## Filter image patches to handle class imbalance

#### Remove portion of images patches with all 0s and no 1s (no signal)

In [None]:
from dotenv import load_dotenv

import numpy as np
import matplotlib.pyplot as plt
import math
import os
import glob
import random

load_dotenv()
%matplotlib inline

In [None]:
in_postfix = os.getenv('DIR_LABEL_SLICED')
out_postfix = os.getenv('DIR_LABEL_FILTERED')

im_dir = os.getenv('IMAGE_DIR')
mask_dir = os.getenv('MASK_DIR')

in_im_dir = im_dir + in_postfix
in_mask_dir = mask_dir + in_postfix

out_im_dir = im_dir + out_postfix
out_mask_dir = mask_dir + out_postfix

n = 128

In [None]:
# returns boolean that indicates whether to keep training example 
def keep_sample(mask, keep_proba):
    keep = True
    rand = random.uniform(0,1)
    if rand > keep_proba:
        keep = False
    return keep

In [None]:
im_filenames = glob.glob(in_im_dir+'/*.npy', recursive=True)
mask_filenames = glob.glob(in_mask_dir+'/*.npy', recursive=True)

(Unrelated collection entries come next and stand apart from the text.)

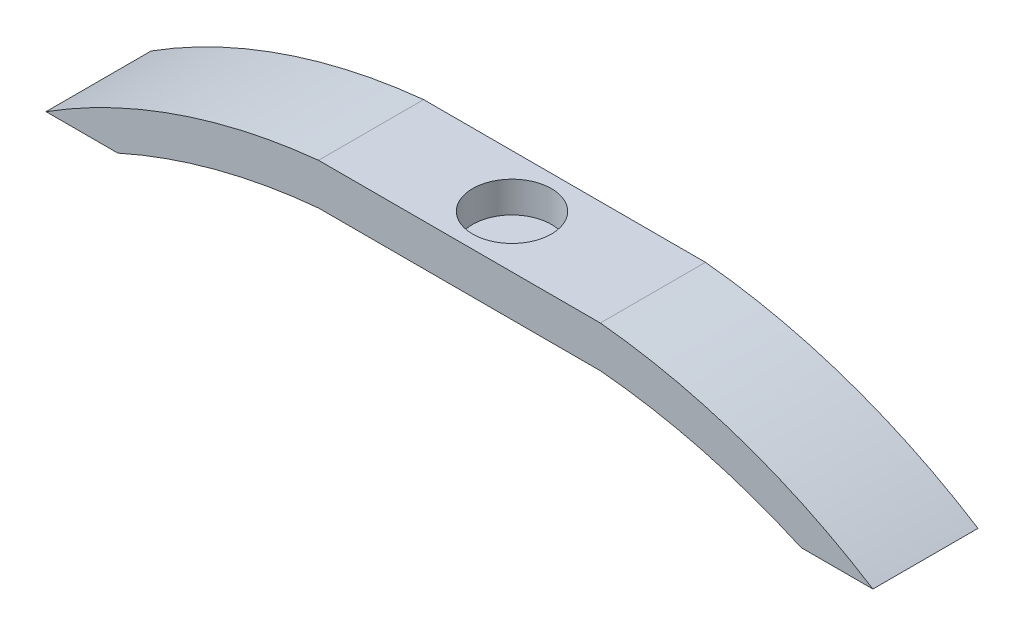
ISO-10303-21;
HEADER;
FILE_DESCRIPTION(('STEP AP214'),'2;1');
FILE_NAME('part.step','',(''),(''),'','','');
FILE_SCHEMA(('AUTOMOTIVE_DESIGN { 1 0 10303 214 1 1 1 1 }'));
ENDSEC;
DATA;
#1=APPLICATION_CONTEXT('core data for automotive mechanical design processes');
#2=APPLICATION_PROTOCOL_DEFINITION('international standard','automotive_design',2000,#1);
#3=PRODUCT_CONTEXT('',#1,'mechanical');
#4=PRODUCT('Part','Part','',(#3));
#5=PRODUCT_RELATED_PRODUCT_CATEGORY('part','',(#4));
#6=PRODUCT_DEFINITION_FORMATION('','',#4);
#7=PRODUCT_DEFINITION_CONTEXT('part definition',#1,'design');
#8=PRODUCT_DEFINITION('design','',#6,#7);
#9=PRODUCT_DEFINITION_SHAPE('','',#8);
#10=(LENGTH_UNIT() NAMED_UNIT(*) SI_UNIT(.MILLI.,.METRE.));
#11=(NAMED_UNIT(*) PLANE_ANGLE_UNIT() SI_UNIT($,.RADIAN.));
#12=(NAMED_UNIT(*) SI_UNIT($,.STERADIAN.) SOLID_ANGLE_UNIT());
#13=UNCERTAINTY_MEASURE_WITH_UNIT(LENGTH_MEASURE(1.E-05),#10,'distance_accuracy_value','');
#14=(GEOMETRIC_REPRESENTATION_CONTEXT(3) GLOBAL_UNCERTAINTY_ASSIGNED_CONTEXT((#13)) GLOBAL_UNIT_ASSIGNED_CONTEXT((#10,
#11,#12)) REPRESENTATION_CONTEXT('',''));
#15=CARTESIAN_POINT('',(0.,0.,0.));
#16=DIRECTION('',(0.,0.,1.));
#17=DIRECTION('',(1.,0.,0.));
#18=AXIS2_PLACEMENT_3D('',#15,#16,#17);
#19=CARTESIAN_POINT('',(-7.61999999999999,4.,-5.08));
#20=DIRECTION('',(0.,0.,1.));
#21=DIRECTION('',(1.,0.,0.));
#22=AXIS2_PLACEMENT_3D('',#19,#20,#21);
#23=PLANE('',#22);
#24=DIRECTION('',(-1.,0.,0.));
#25=VECTOR('',#24,1.);
#26=CARTESIAN_POINT('',(-7.61999999999999,0.,-5.08));
#27=LINE('',#26,#25);
#28=CARTESIAN_POINT('',(13.62,0.,-5.08));
#29=VERTEX_POINT('',#28);
#30=CARTESIAN_POINT('',(-13.62,0.,-5.08));
#31=VERTEX_POINT('',#30);
#32=EDGE_CURVE('E146',#29,#31,#27,.T.);
#33=ORIENTED_EDGE('',*,*,#32,.T.);
#34=CARTESIAN_POINT('',(-8.13905838558688,-60.3215067701346,-5.08));
#35=DIRECTION('',(0.,0.,1.));
#36=DIRECTION('',(1.,0.,0.));
#37=AXIS2_PLACEMENT_3D('',#34,#35,#36);
#38=CIRCLE('',#37,60.57);
#39=CARTESIAN_POINT('',(-33.025,-5.1,-5.08000000000002));
#40=VERTEX_POINT('',#39);
#41=EDGE_CURVE('E134',#31,#40,#38,.T.);
#42=ORIENTED_EDGE('',*,*,#41,.T.);
#43=DIRECTION('',(-1.,0.,0.));
#44=VECTOR('',#43,1.);
#45=CARTESIAN_POINT('',(0.,-5.09999999999997,-5.08));
#46=LINE('',#45,#44);
#47=CARTESIAN_POINT('',(-39.965,-5.10000000000001,-5.08));
#48=VERTEX_POINT('',#47);
#49=EDGE_CURVE('E139',#40,#48,#46,.T.);
#50=ORIENTED_EDGE('',*,*,#49,.T.);
#51=CARTESIAN_POINT('',(-7.54766795887322,-56.2648461674159,-5.08));
#52=DIRECTION('',(0.,0.,1.));
#53=DIRECTION('',(1.,0.,0.));
#54=AXIS2_PLACEMENT_3D('',#51,#52,#53);
#55=CIRCLE('',#54,60.57);
#56=CARTESIAN_POINT('',(-13.62,4.,-5.08));
#57=VERTEX_POINT('',#56);
#58=EDGE_CURVE('E109',#57,#48,#55,.T.);
#59=ORIENTED_EDGE('',*,*,#58,.F.);
#60=DIRECTION('',(-1.,0.,0.));
#61=VECTOR('',#60,1.);
#62=CARTESIAN_POINT('',(-7.61999999999999,4.,-5.08));
#63=LINE('',#62,#61);
#64=CARTESIAN_POINT('',(13.62,4.,-5.08));
#65=VERTEX_POINT('',#64);
#66=EDGE_CURVE('E47',#65,#57,#63,.T.);
#67=ORIENTED_EDGE('',*,*,#66,.F.);
#68=CARTESIAN_POINT('',(7.54766795887324,-56.2648461674159,-5.08));
#69=DIRECTION('',(0.,0.,1.));
#70=DIRECTION('',(1.,0.,0.));
#71=AXIS2_PLACEMENT_3D('',#68,#69,#70);
#72=CIRCLE('',#71,60.57);
#73=CARTESIAN_POINT('',(39.965,-5.1,-5.08000000000002));
#74=VERTEX_POINT('',#73);
#75=EDGE_CURVE('E142',#65,#74,#72,.F.);
#76=ORIENTED_EDGE('',*,*,#75,.T.);
#77=DIRECTION('',(1.,0.,0.));
#78=VECTOR('',#77,1.);
#79=CARTESIAN_POINT('',(0.,-5.09999999999998,-5.08));
#80=LINE('',#79,#78);
#81=CARTESIAN_POINT('',(33.025,-5.1,-5.08));
#82=VERTEX_POINT('',#81);
#83=EDGE_CURVE('E60',#82,#74,#80,.T.);
#84=ORIENTED_EDGE('',*,*,#83,.F.);
#85=CARTESIAN_POINT('',(8.13905838558689,-60.3215067701346,-5.08));
#86=DIRECTION('',(0.,0.,1.));
#87=DIRECTION('',(1.,0.,0.));
#88=AXIS2_PLACEMENT_3D('',#85,#86,#87);
#89=CIRCLE('',#88,60.57);
#90=EDGE_CURVE('E144',#29,#82,#89,.F.);
#91=ORIENTED_EDGE('',*,*,#90,.F.);
#92=EDGE_LOOP('',(#33,#42,#50,#59,#67,#76,#84,#91));
#93=FACE_BOUND('',#92,.T.);
#94=ADVANCED_FACE('F39',(#93),#23,.F.);
#95=CARTESIAN_POINT('',(-7.61999999999999,4.,5.08));
#96=DIRECTION('',(0.,0.,-1.));
#97=DIRECTION('',(-1.,0.,0.));
#98=AXIS2_PLACEMENT_3D('',#95,#96,#97);
#99=PLANE('',#98);
#100=DIRECTION('',(1.,0.,0.));
#101=VECTOR('',#100,1.);
#102=CARTESIAN_POINT('',(-7.61999999999999,0.,5.08));
#103=LINE('',#102,#101);
#104=CARTESIAN_POINT('',(-13.62,0.,5.08));
#105=VERTEX_POINT('',#104);
#106=CARTESIAN_POINT('',(13.62,0.,5.08));
#107=VERTEX_POINT('',#106);
#108=EDGE_CURVE('E42',#105,#107,#103,.T.);
#109=ORIENTED_EDGE('',*,*,#108,.T.);
#110=CARTESIAN_POINT('',(8.13905838558689,-60.3215067701346,5.08));
#111=DIRECTION('',(0.,0.,1.));
#112=DIRECTION('',(1.,0.,0.));
#113=AXIS2_PLACEMENT_3D('',#110,#111,#112);
#114=CIRCLE('',#113,60.57);
#115=CARTESIAN_POINT('',(33.025,-5.1,5.08));
#116=VERTEX_POINT('',#115);
#117=EDGE_CURVE('E141',#116,#107,#114,.T.);
#118=ORIENTED_EDGE('',*,*,#117,.F.);
#119=DIRECTION('',(-1.,0.,0.));
#120=VECTOR('',#119,1.);
#121=CARTESIAN_POINT('',(0.,-5.09999999999998,5.08));
#122=LINE('',#121,#120);
#123=CARTESIAN_POINT('',(39.965,-5.1,5.08));
#124=VERTEX_POINT('',#123);
#125=EDGE_CURVE('E149',#124,#116,#122,.T.);
#126=ORIENTED_EDGE('',*,*,#125,.F.);
#127=CARTESIAN_POINT('',(7.54766795887324,-56.2648461674159,5.08));
#128=DIRECTION('',(0.,0.,1.));
#129=DIRECTION('',(1.,0.,0.));
#130=AXIS2_PLACEMENT_3D('',#127,#128,#129);
#131=CIRCLE('',#130,60.57);
#132=CARTESIAN_POINT('',(13.62,4.,5.08));
#133=VERTEX_POINT('',#132);
#134=EDGE_CURVE('E152',#124,#133,#131,.T.);
#135=ORIENTED_EDGE('',*,*,#134,.T.);
#136=DIRECTION('',(1.,0.,0.));
#137=VECTOR('',#136,1.);
#138=CARTESIAN_POINT('',(-7.61999999999999,4.,5.08));
#139=LINE('',#138,#137);
#140=CARTESIAN_POINT('',(-13.62,4.,5.08));
#141=VERTEX_POINT('',#140);
#142=EDGE_CURVE('E11',#141,#133,#139,.T.);
#143=ORIENTED_EDGE('',*,*,#142,.F.);
#144=CARTESIAN_POINT('',(-7.54766795887322,-56.2648461674159,5.08));
#145=DIRECTION('',(0.,0.,1.));
#146=DIRECTION('',(1.,0.,0.));
#147=AXIS2_PLACEMENT_3D('',#144,#145,#146);
#148=CIRCLE('',#147,60.57);
#149=CARTESIAN_POINT('',(-39.965,-5.10000000000001,5.08));
#150=VERTEX_POINT('',#149);
#151=EDGE_CURVE('E108',#150,#141,#148,.F.);
#152=ORIENTED_EDGE('',*,*,#151,.F.);
#153=DIRECTION('',(1.,0.,0.));
#154=VECTOR('',#153,1.);
#155=CARTESIAN_POINT('',(0.,-5.09999999999997,5.08));
#156=LINE('',#155,#154);
#157=CARTESIAN_POINT('',(-33.025,-5.1,5.08));
#158=VERTEX_POINT('',#157);
#159=EDGE_CURVE('E120',#150,#158,#156,.T.);
#160=ORIENTED_EDGE('',*,*,#159,.T.);
#161=CARTESIAN_POINT('',(-8.13905838558688,-60.3215067701346,5.08));
#162=DIRECTION('',(0.,0.,1.));
#163=DIRECTION('',(1.,0.,0.));
#164=AXIS2_PLACEMENT_3D('',#161,#162,#163);
#165=CIRCLE('',#164,60.57);
#166=EDGE_CURVE('E114',#158,#105,#165,.F.);
#167=ORIENTED_EDGE('',*,*,#166,.T.);
#168=EDGE_LOOP('',(#109,#118,#126,#135,#143,#152,#160,#167));
#169=FACE_BOUND('',#168,.T.);
#170=ADVANCED_FACE('F118',(#169),#99,.F.);
#171=CARTESIAN_POINT('',(0.,4.,0.));
#172=DIRECTION('',(0.,1.,0.));
#173=DIRECTION('',(0.,0.,1.));
#174=AXIS2_PLACEMENT_3D('',#171,#172,#173);
#175=PLANE('',#174);
#176=CARTESIAN_POINT('',(0.,4.,0.));
#177=DIRECTION('',(0.,1.,0.));
#178=DIRECTION('',(0.,0.,1.));
#179=AXIS2_PLACEMENT_3D('',#176,#177,#178);
#180=CIRCLE('',#179,3.81);
#181=CARTESIAN_POINT('',(0.,4.,3.81));
#182=VERTEX_POINT('',#181);
#183=EDGE_CURVE('E186',#182,#182,#180,.T.);
#184=ORIENTED_EDGE('',*,*,#183,.F.);
#185=EDGE_LOOP('',(#184));
#186=FACE_BOUND('',#185,.T.);
#187=ORIENTED_EDGE('',*,*,#142,.T.);
#188=DIRECTION('',(0.,0.,1.));
#189=VECTOR('',#188,1.);
#190=CARTESIAN_POINT('',(13.62,4.,-38.6807295307706));
#191=LINE('',#190,#189);
#192=EDGE_CURVE('E158',#65,#133,#191,.T.);
#193=ORIENTED_EDGE('',*,*,#192,.F.);
#194=ORIENTED_EDGE('',*,*,#66,.T.);
#195=DIRECTION('',(0.,0.,1.));
#196=VECTOR('',#195,1.);
#197=CARTESIAN_POINT('',(-13.62,4.,-38.6807295307706));
#198=LINE('',#197,#196);
#199=EDGE_CURVE('E132',#57,#141,#198,.T.);
#200=ORIENTED_EDGE('',*,*,#199,.T.);
#201=EDGE_LOOP('',(#187,#193,#194,#200));
#202=FACE_BOUND('',#201,.T.);
#203=ADVANCED_FACE('F183',(#186,#202),#175,.T.);
#204=CARTESIAN_POINT('',(0.,0.,0.));
#205=DIRECTION('',(0.,1.,0.));
#206=DIRECTION('',(0.,0.,1.));
#207=AXIS2_PLACEMENT_3D('',#204,#205,#206);
#208=PLANE('',#207);
#209=ORIENTED_EDGE('',*,*,#32,.F.);
#210=DIRECTION('',(0.,0.,1.));
#211=VECTOR('',#210,1.);
#212=CARTESIAN_POINT('',(13.62,0.,-38.6807295307706));
#213=LINE('',#212,#211);
#214=EDGE_CURVE('E155',#29,#107,#213,.T.);
#215=ORIENTED_EDGE('',*,*,#214,.T.);
#216=ORIENTED_EDGE('',*,*,#108,.F.);
#217=DIRECTION('',(0.,0.,1.));
#218=VECTOR('',#217,1.);
#219=CARTESIAN_POINT('',(-13.62,0.,-38.6807295307706));
#220=LINE('',#219,#218);
#221=EDGE_CURVE('E135',#31,#105,#220,.T.);
#222=ORIENTED_EDGE('',*,*,#221,.F.);
#223=EDGE_LOOP('',(#209,#215,#216,#222));
#224=FACE_BOUND('',#223,.T.);
#225=ADVANCED_FACE('F171',(#224),#208,.F.);
#226=CARTESIAN_POINT('',(0.,-5.09999999999998,-38.6807295307706));
#227=DIRECTION('',(0.,1.,0.));
#228=DIRECTION('',(-1.,0.,0.));
#229=AXIS2_PLACEMENT_3D('',#226,#227,#228);
#230=PLANE('',#229);
#231=DIRECTION('',(0.,0.,1.));
#232=VECTOR('',#231,1.);
#233=CARTESIAN_POINT('',(33.025,-5.1,-38.6807295307706));
#234=LINE('',#233,#232);
#235=EDGE_CURVE('E154',#82,#116,#234,.T.);
#236=ORIENTED_EDGE('',*,*,#235,.F.);
#237=ORIENTED_EDGE('',*,*,#83,.T.);
#238=DIRECTION('',(0.,0.,1.));
#239=VECTOR('',#238,1.);
#240=CARTESIAN_POINT('',(39.965,-5.1,-38.6807295307706));
#241=LINE('',#240,#239);
#242=EDGE_CURVE('E161',#74,#124,#241,.T.);
#243=ORIENTED_EDGE('',*,*,#242,.T.);
#244=ORIENTED_EDGE('',*,*,#125,.T.);
#245=EDGE_LOOP('',(#236,#237,#243,#244));
#246=FACE_BOUND('',#245,.T.);
#247=ADVANCED_FACE('F176',(#246),#230,.F.);
#248=CARTESIAN_POINT('',(7.54766795887324,-56.2648461674159,-38.6807295307706));
#249=DIRECTION('',(0.,0.,1.));
#250=DIRECTION('',(1.,0.,0.));
#251=AXIS2_PLACEMENT_3D('',#248,#249,#250);
#252=CYLINDRICAL_SURFACE('',#251,60.57);
#253=ORIENTED_EDGE('',*,*,#75,.F.);
#254=ORIENTED_EDGE('',*,*,#192,.T.);
#255=ORIENTED_EDGE('',*,*,#134,.F.);
#256=ORIENTED_EDGE('',*,*,#242,.F.);
#257=EDGE_LOOP('',(#253,#254,#255,#256));
#258=FACE_BOUND('',#257,.T.);
#259=ADVANCED_FACE('F181',(#258),#252,.T.);
#260=CARTESIAN_POINT('',(8.13905838558689,-60.3215067701346,-38.6807295307706));
#261=DIRECTION('',(0.,0.,1.));
#262=DIRECTION('',(1.,0.,0.));
#263=AXIS2_PLACEMENT_3D('',#260,#261,#262);
#264=CYLINDRICAL_SURFACE('',#263,60.57);
#265=ORIENTED_EDGE('',*,*,#214,.F.);
#266=ORIENTED_EDGE('',*,*,#90,.T.);
#267=ORIENTED_EDGE('',*,*,#235,.T.);
#268=ORIENTED_EDGE('',*,*,#117,.T.);
#269=EDGE_LOOP('',(#265,#266,#267,#268));
#270=FACE_BOUND('',#269,.T.);
#271=ADVANCED_FACE('F173',(#270),#264,.F.);
#272=CARTESIAN_POINT('',(-7.54766795887322,-56.2648461674159,-38.6807295307706));
#273=DIRECTION('',(0.,0.,1.));
#274=DIRECTION('',(1.,0.,0.));
#275=AXIS2_PLACEMENT_3D('',#272,#273,#274);
#276=CYLINDRICAL_SURFACE('',#275,60.57);
#277=ORIENTED_EDGE('',*,*,#199,.F.);
#278=ORIENTED_EDGE('',*,*,#58,.T.);
#279=DIRECTION('',(0.,0.,1.));
#280=VECTOR('',#279,1.);
#281=CARTESIAN_POINT('',(-39.965,-5.10000000000001,-38.6807295307706));
#282=LINE('',#281,#280);
#283=EDGE_CURVE('E104',#48,#150,#282,.T.);
#284=ORIENTED_EDGE('',*,*,#283,.T.);
#285=ORIENTED_EDGE('',*,*,#151,.T.);
#286=EDGE_LOOP('',(#277,#278,#284,#285));
#287=FACE_BOUND('',#286,.T.);
#288=ADVANCED_FACE('F107',(#287),#276,.T.);
#289=CARTESIAN_POINT('',(-8.13905838558688,-60.3215067701346,-38.6807295307706));
#290=DIRECTION('',(0.,0.,1.));
#291=DIRECTION('',(1.,0.,0.));
#292=AXIS2_PLACEMENT_3D('',#289,#290,#291);
#293=CYLINDRICAL_SURFACE('',#292,60.57);
#294=ORIENTED_EDGE('',*,*,#41,.F.);
#295=ORIENTED_EDGE('',*,*,#221,.T.);
#296=ORIENTED_EDGE('',*,*,#166,.F.);
#297=DIRECTION('',(0.,0.,1.));
#298=VECTOR('',#297,1.);
#299=CARTESIAN_POINT('',(-33.025,-5.1,-38.6807295307706));
#300=LINE('',#299,#298);
#301=EDGE_CURVE('E113',#40,#158,#300,.T.);
#302=ORIENTED_EDGE('',*,*,#301,.F.);
#303=EDGE_LOOP('',(#294,#295,#296,#302));
#304=FACE_BOUND('',#303,.T.);
#305=ADVANCED_FACE('F259',(#304),#293,.F.);
#306=CARTESIAN_POINT('',(0.,-5.09999999999997,-38.6807295307706));
#307=DIRECTION('',(0.,-1.,0.));
#308=DIRECTION('',(1.,0.,0.));
#309=AXIS2_PLACEMENT_3D('',#306,#307,#308);
#310=PLANE('',#309);
#311=ORIENTED_EDGE('',*,*,#49,.F.);
#312=ORIENTED_EDGE('',*,*,#301,.T.);
#313=ORIENTED_EDGE('',*,*,#159,.F.);
#314=ORIENTED_EDGE('',*,*,#283,.F.);
#315=EDGE_LOOP('',(#311,#312,#313,#314));
#316=FACE_BOUND('',#315,.T.);
#317=ADVANCED_FACE('F125',(#316),#310,.T.);
#318=CARTESIAN_POINT('',(0.,1.,0.));
#319=DIRECTION('',(0.,1.,0.));
#320=DIRECTION('',(0.,0.,1.));
#321=AXIS2_PLACEMENT_3D('',#318,#319,#320);
#322=CYLINDRICAL_SURFACE('',#321,3.81);
#323=CARTESIAN_POINT('',(0.,1.,0.));
#324=DIRECTION('',(0.,1.,0.));
#325=DIRECTION('',(0.,0.,1.));
#326=AXIS2_PLACEMENT_3D('',#323,#324,#325);
#327=CIRCLE('',#326,3.81);
#328=CARTESIAN_POINT('',(0.,1.,3.81));
#329=VERTEX_POINT('',#328);
#330=EDGE_CURVE('E123',#329,#329,#327,.T.);
#331=ORIENTED_EDGE('',*,*,#330,.F.);
#332=EDGE_LOOP('',(#331));
#333=FACE_BOUND('',#332,.T.);
#334=ORIENTED_EDGE('',*,*,#183,.T.);
#335=EDGE_LOOP('',(#334));
#336=FACE_BOUND('',#335,.T.);
#337=ADVANCED_FACE('F194',(#333,#336),#322,.F.);
#338=CARTESIAN_POINT('',(0.,1.,0.));
#339=DIRECTION('',(0.,1.,0.));
#340=DIRECTION('',(0.,0.,1.));
#341=AXIS2_PLACEMENT_3D('',#338,#339,#340);
#342=PLANE('',#341);
#343=ORIENTED_EDGE('',*,*,#330,.T.);
#344=EDGE_LOOP('',(#343));
#345=FACE_BOUND('',#344,.T.);
#346=ADVANCED_FACE('F192',(#345),#342,.T.);
#347=CLOSED_SHELL('',(#94,#170,#203,#225,#247,#259,#271,#288,#305,#317,#337,#346));
#348=MANIFOLD_SOLID_BREP('B2',#347);
#349=ADVANCED_BREP_SHAPE_REPRESENTATION('',(#18,#348),#14);
#350=SHAPE_DEFINITION_REPRESENTATION(#9,#349);
ENDSEC;
END-ISO-10303-21;

num_samples = len(im_filenames)

# Create output directories 
if not os.path.exists(out_im_dir):
    os.makedirs(out_im_dir)
if not os.path.exists(out_mask_dir):
    os.makedirs(out_mask_dir)
    
samples_with_zeros = 0
samples_with_ones = 0

for i, im_filename in enumerate(im_filenames):
    im = np.load(im_filename)
    filename = im_filename.split('/')[-1] #get image name
    mask = np.load(os.path.join(in_mask_dir,filename))
    if i % 1000 == 0:
        print('processing sample',i,'/',num_samples)
        print('0:',samples_with_zeros,'1:',samples_with_ones)
    if np.count_nonzero(mask) == 0: # if sample contains all 0s
        keep = keep_sample(mask, 0.03) # determine whether to keep sample based on probability threshold
        if keep:
            samples_with_zeros += 1
            np.save(os.path.join(out_im_dir,filename), im)
            np.save(os.path.join(out_mask_dir,filename), mask)
    else:
        samples_with_ones += 1
        np.save(os.path.join(out_im_dir,filename), im)
        np.save(os.path.join(out_mask_dir,filename), mask)